• ACTIVITY: Answer with the exact lines of the following material from the one containing "#2302 = VERTEX_POINT ( 'NONE', #28943 ) ;" through the one containing "#24685 = CARTESIAN_POINT", both end lines included.

• DATA SHOWN:
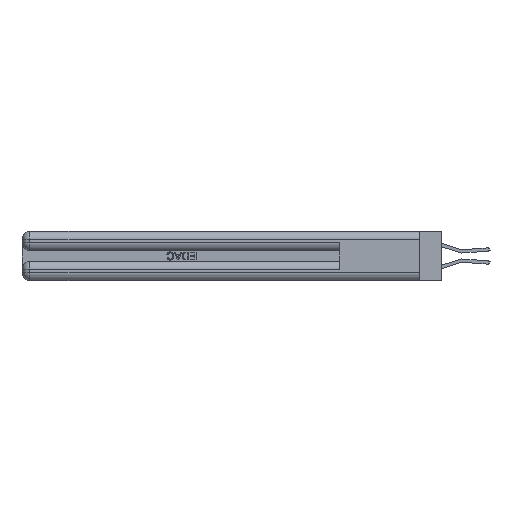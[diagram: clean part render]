
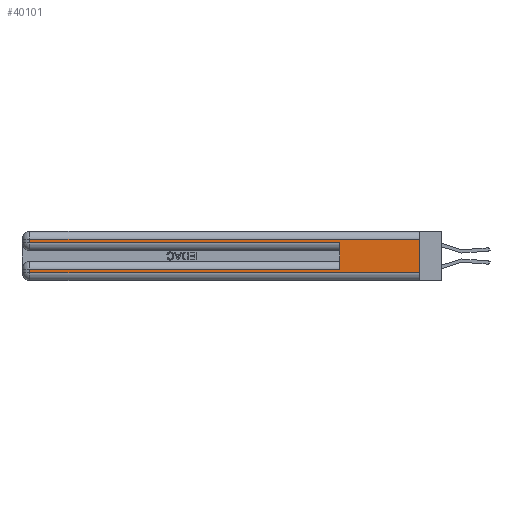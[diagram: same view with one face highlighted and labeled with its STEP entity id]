
A CAD part, left-side view. The second image highlights one B-rep face of the part: STEP entity #40101.
In plain terms, the highlighted planar face has unit normal (-1, 0, 0).
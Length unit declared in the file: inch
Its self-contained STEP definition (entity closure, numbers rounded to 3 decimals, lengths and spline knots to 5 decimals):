
#381 = VECTOR ( 'NONE', #29252, 39.37008 ) ;
#572 = DIRECTION ( 'NONE',  ( 0., 0., -1. ) ) ;
#582 = ORIENTED_EDGE ( 'NONE', *, *, #30322, .F. ) ;
#1823 = EDGE_CURVE ( 'NONE', #23727, #22195, #33141, .T. ) ;
#2283 = LINE ( 'NONE', #24685, #33953 ) ;
#2302 = VERTEX_POINT ( 'NONE', #28943 ) ;
#2396 = VERTEX_POINT ( 'NONE', #26108 ) ;
#2564 = ORIENTED_EDGE ( 'NONE', *, *, #7808, .F. ) ;
#2705 = DIRECTION ( 'NONE',  ( 0., 0., -1. ) ) ;
#3305 = VERTEX_POINT ( 'NONE', #35392 ) ;
#3372 = LINE ( 'NONE', #14298, #381 ) ;
#3482 = VECTOR ( 'NONE', #31381, 39.37008 ) ;
#4207 = EDGE_CURVE ( 'NONE', #2302, #31643, #15993, .T. ) ;
#4222 = ORIENTED_EDGE ( 'NONE', *, *, #1823, .T. ) ;
#5762 = CARTESIAN_POINT ( 'NONE',  ( 0., 2.94, 0.31 ) ) ;
#6447 = CARTESIAN_POINT ( 'NONE',  ( 0., 0., 0.085 ) ) ;
#7808 = EDGE_CURVE ( 'NONE', #2396, #3305, #23056, .T. ) ;
#8281 = EDGE_CURVE ( 'NONE', #22436, #2302, #23983, .T. ) ;
#8661 = ORIENTED_EDGE ( 'NONE', *, *, #23343, .T. ) ;
#9281 = VECTOR ( 'NONE', #36331, 39.37008 ) ;
#9687 = EDGE_LOOP ( 'NONE', ( #2564, #13931, #8661, #4222, #582, #27711, #10577, #15763 ) ) ;
#9776 = VECTOR ( 'NONE', #18508, 39.37008 ) ;
#9983 = CARTESIAN_POINT ( 'NONE',  ( 0., 0.6, 0.085 ) ) ;
#10577 = ORIENTED_EDGE ( 'NONE', *, *, #4207, .T. ) ;
#12224 = LINE ( 'NONE', #14948, #9776 ) ;
#12305 = CARTESIAN_POINT ( 'NONE',  ( 0., 0.6, 0.285 ) ) ;
#13470 = FACE_OUTER_BOUND ( 'NONE', #9687, .T. ) ;
#13931 = ORIENTED_EDGE ( 'NONE', *, *, #21561, .T. ) ;
#14298 = CARTESIAN_POINT ( 'NONE',  ( 0., 0.6, 0.145 ) ) ;
#14948 = CARTESIAN_POINT ( 'NONE',  ( 0., 0., 0.31 ) ) ;
#15147 = DIRECTION ( 'NONE',  ( 0., -1., 0. ) ) ;
#15763 = ORIENTED_EDGE ( 'NONE', *, *, #31801, .T. ) ;
#15814 = CARTESIAN_POINT ( 'NONE',  ( 0., 2.94, 0.37 ) ) ;
#15993 = LINE ( 'NONE', #15814, #39870 ) ;
#18508 = DIRECTION ( 'NONE',  ( 0., 1., 0. ) ) ;
#19241 = DIRECTION ( 'NONE',  ( 0., 0., -1. ) ) ;
#20131 = VECTOR ( 'NONE', #572, 39.37008 ) ;
#21502 = LINE ( 'NONE', #30062, #39461 ) ;
#21561 = EDGE_CURVE ( 'NONE', #2396, #22320, #12224, .T. ) ;
#22195 = VERTEX_POINT ( 'NONE', #12305 ) ;
#22229 = PLANE ( 'NONE',  #27784 ) ;
#22320 = VERTEX_POINT ( 'NONE', #5762 ) ;
#22436 = VERTEX_POINT ( 'NONE', #9983 ) ;
#23056 = LINE ( 'NONE', #25269, #20131 ) ;
#23343 = EDGE_CURVE ( 'NONE', #22320, #23727, #21502, .T. ) ;
#23727 = VERTEX_POINT ( 'NONE', #26846 ) ;
#23983 = LINE ( 'NONE', #6447, #3482 ) ;
#24685 = CARTESIAN_POINT ( 'NONE',  ( 0., 0., 0.06 ) ) ;
#25269 = CARTESIAN_POINT ( 'NONE',  ( 0., 0., 0.37 ) ) ;
#26108 = CARTESIAN_POINT ( 'NONE',  ( 0., 0., 0.31 ) ) ;
#26846 = CARTESIAN_POINT ( 'NONE',  ( 0., 2.94, 0.285 ) ) ;
#27711 = ORIENTED_EDGE ( 'NONE', *, *, #8281, .T. ) ;
#27784 = AXIS2_PLACEMENT_3D ( 'NONE', #34834, #31324, #28183 ) ;
#28183 = DIRECTION ( 'NONE',  ( 0., 0., -1. ) ) ;
#28943 = CARTESIAN_POINT ( 'NONE',  ( 0., 2.94, 0.085 ) ) ;
#29252 = DIRECTION ( 'NONE',  ( 0., 0., 1. ) ) ;
#30062 = CARTESIAN_POINT ( 'NONE',  ( 0., 2.94, 0.37 ) ) ;
#30322 = EDGE_CURVE ( 'NONE', #22436, #22195, #3372, .T. ) ;
#31324 = DIRECTION ( 'NONE',  ( 1., 0., 0. ) ) ;
#31381 = DIRECTION ( 'NONE',  ( 0., 1., 0. ) ) ;
#31643 = VERTEX_POINT ( 'NONE', #39387 ) ;
#31801 = EDGE_CURVE ( 'NONE', #31643, #3305, #2283, .T. ) ;
#33141 = LINE ( 'NONE', #33224, #9281 ) ;
#33224 = CARTESIAN_POINT ( 'NONE',  ( 0., 0., 0.285 ) ) ;
#33953 = VECTOR ( 'NONE', #15147, 39.37008 ) ;
#34834 = CARTESIAN_POINT ( 'NONE',  ( 0., 0., 0.37 ) ) ;
#35392 = CARTESIAN_POINT ( 'NONE',  ( 0., 0., 0.06 ) ) ;
#36331 = DIRECTION ( 'NONE',  ( 0., -1., 0. ) ) ;
#39387 = CARTESIAN_POINT ( 'NONE',  ( 0., 2.94, 0.06 ) ) ;
#39461 = VECTOR ( 'NONE', #2705, 39.37008 ) ;
#39870 = VECTOR ( 'NONE', #19241, 39.37008 ) ;
#40101 = ADVANCED_FACE ( 'NONE', ( #13470 ), #22229, .F. ) ;

• REPLY TO THE TASK:
#2302 = VERTEX_POINT ( 'NONE', #28943 ) ;
#2396 = VERTEX_POINT ( 'NONE', #26108 ) ;
#2564 = ORIENTED_EDGE ( 'NONE', *, *, #7808, .F. ) ;
#2705 = DIRECTION ( 'NONE',  ( 0., 0., -1. ) ) ;
#3305 = VERTEX_POINT ( 'NONE', #35392 ) ;
#3372 = LINE ( 'NONE', #14298, #381 ) ;
#3482 = VECTOR ( 'NONE', #31381, 39.37008 ) ;
#4207 = EDGE_CURVE ( 'NONE', #2302, #31643, #15993, .T. ) ;
#4222 = ORIENTED_EDGE ( 'NONE', *, *, #1823, .T. ) ;
#5762 = CARTESIAN_POINT ( 'NONE',  ( 0., 2.94, 0.31 ) ) ;
#6447 = CARTESIAN_POINT ( 'NONE',  ( 0., 0., 0.085 ) ) ;
#7808 = EDGE_CURVE ( 'NONE', #2396, #3305, #23056, .T. ) ;
#8281 = EDGE_CURVE ( 'NONE', #22436, #2302, #23983, .T. ) ;
#8661 = ORIENTED_EDGE ( 'NONE', *, *, #23343, .T. ) ;
#9281 = VECTOR ( 'NONE', #36331, 39.37008 ) ;
#9687 = EDGE_LOOP ( 'NONE', ( #2564, #13931, #8661, #4222, #582, #27711, #10577, #15763 ) ) ;
#9776 = VECTOR ( 'NONE', #18508, 39.37008 ) ;
#9983 = CARTESIAN_POINT ( 'NONE',  ( 0., 0.6, 0.085 ) ) ;
#10577 = ORIENTED_EDGE ( 'NONE', *, *, #4207, .T. ) ;
#12224 = LINE ( 'NONE', #14948, #9776 ) ;
#12305 = CARTESIAN_POINT ( 'NONE',  ( 0., 0.6, 0.285 ) ) ;
#13470 = FACE_OUTER_BOUND ( 'NONE', #9687, .T. ) ;
#13931 = ORIENTED_EDGE ( 'NONE', *, *, #21561, .T. ) ;
#14298 = CARTESIAN_POINT ( 'NONE',  ( 0., 0.6, 0.145 ) ) ;
#14948 = CARTESIAN_POINT ( 'NONE',  ( 0., 0., 0.31 ) ) ;
#15147 = DIRECTION ( 'NONE',  ( 0., -1., 0. ) ) ;
#15763 = ORIENTED_EDGE ( 'NONE', *, *, #31801, .T. ) ;
#15814 = CARTESIAN_POINT ( 'NONE',  ( 0., 2.94, 0.37 ) ) ;
#15993 = LINE ( 'NONE', #15814, #39870 ) ;
#18508 = DIRECTION ( 'NONE',  ( 0., 1., 0. ) ) ;
#19241 = DIRECTION ( 'NONE',  ( 0., 0., -1. ) ) ;
#20131 = VECTOR ( 'NONE', #572, 39.37008 ) ;
#21502 = LINE ( 'NONE', #30062, #39461 ) ;
#21561 = EDGE_CURVE ( 'NONE', #2396, #22320, #12224, .T. ) ;
#22195 = VERTEX_POINT ( 'NONE', #12305 ) ;
#22229 = PLANE ( 'NONE',  #27784 ) ;
#22320 = VERTEX_POINT ( 'NONE', #5762 ) ;
#22436 = VERTEX_POINT ( 'NONE', #9983 ) ;
#23056 = LINE ( 'NONE', #25269, #20131 ) ;
#23343 = EDGE_CURVE ( 'NONE', #22320, #23727, #21502, .T. ) ;
#23727 = VERTEX_POINT ( 'NONE', #26846 ) ;
#23983 = LINE ( 'NONE', #6447, #3482 ) ;
#24685 = CARTESIAN_POINT ( 'NONE',  ( 0., 0., 0.06 ) ) ;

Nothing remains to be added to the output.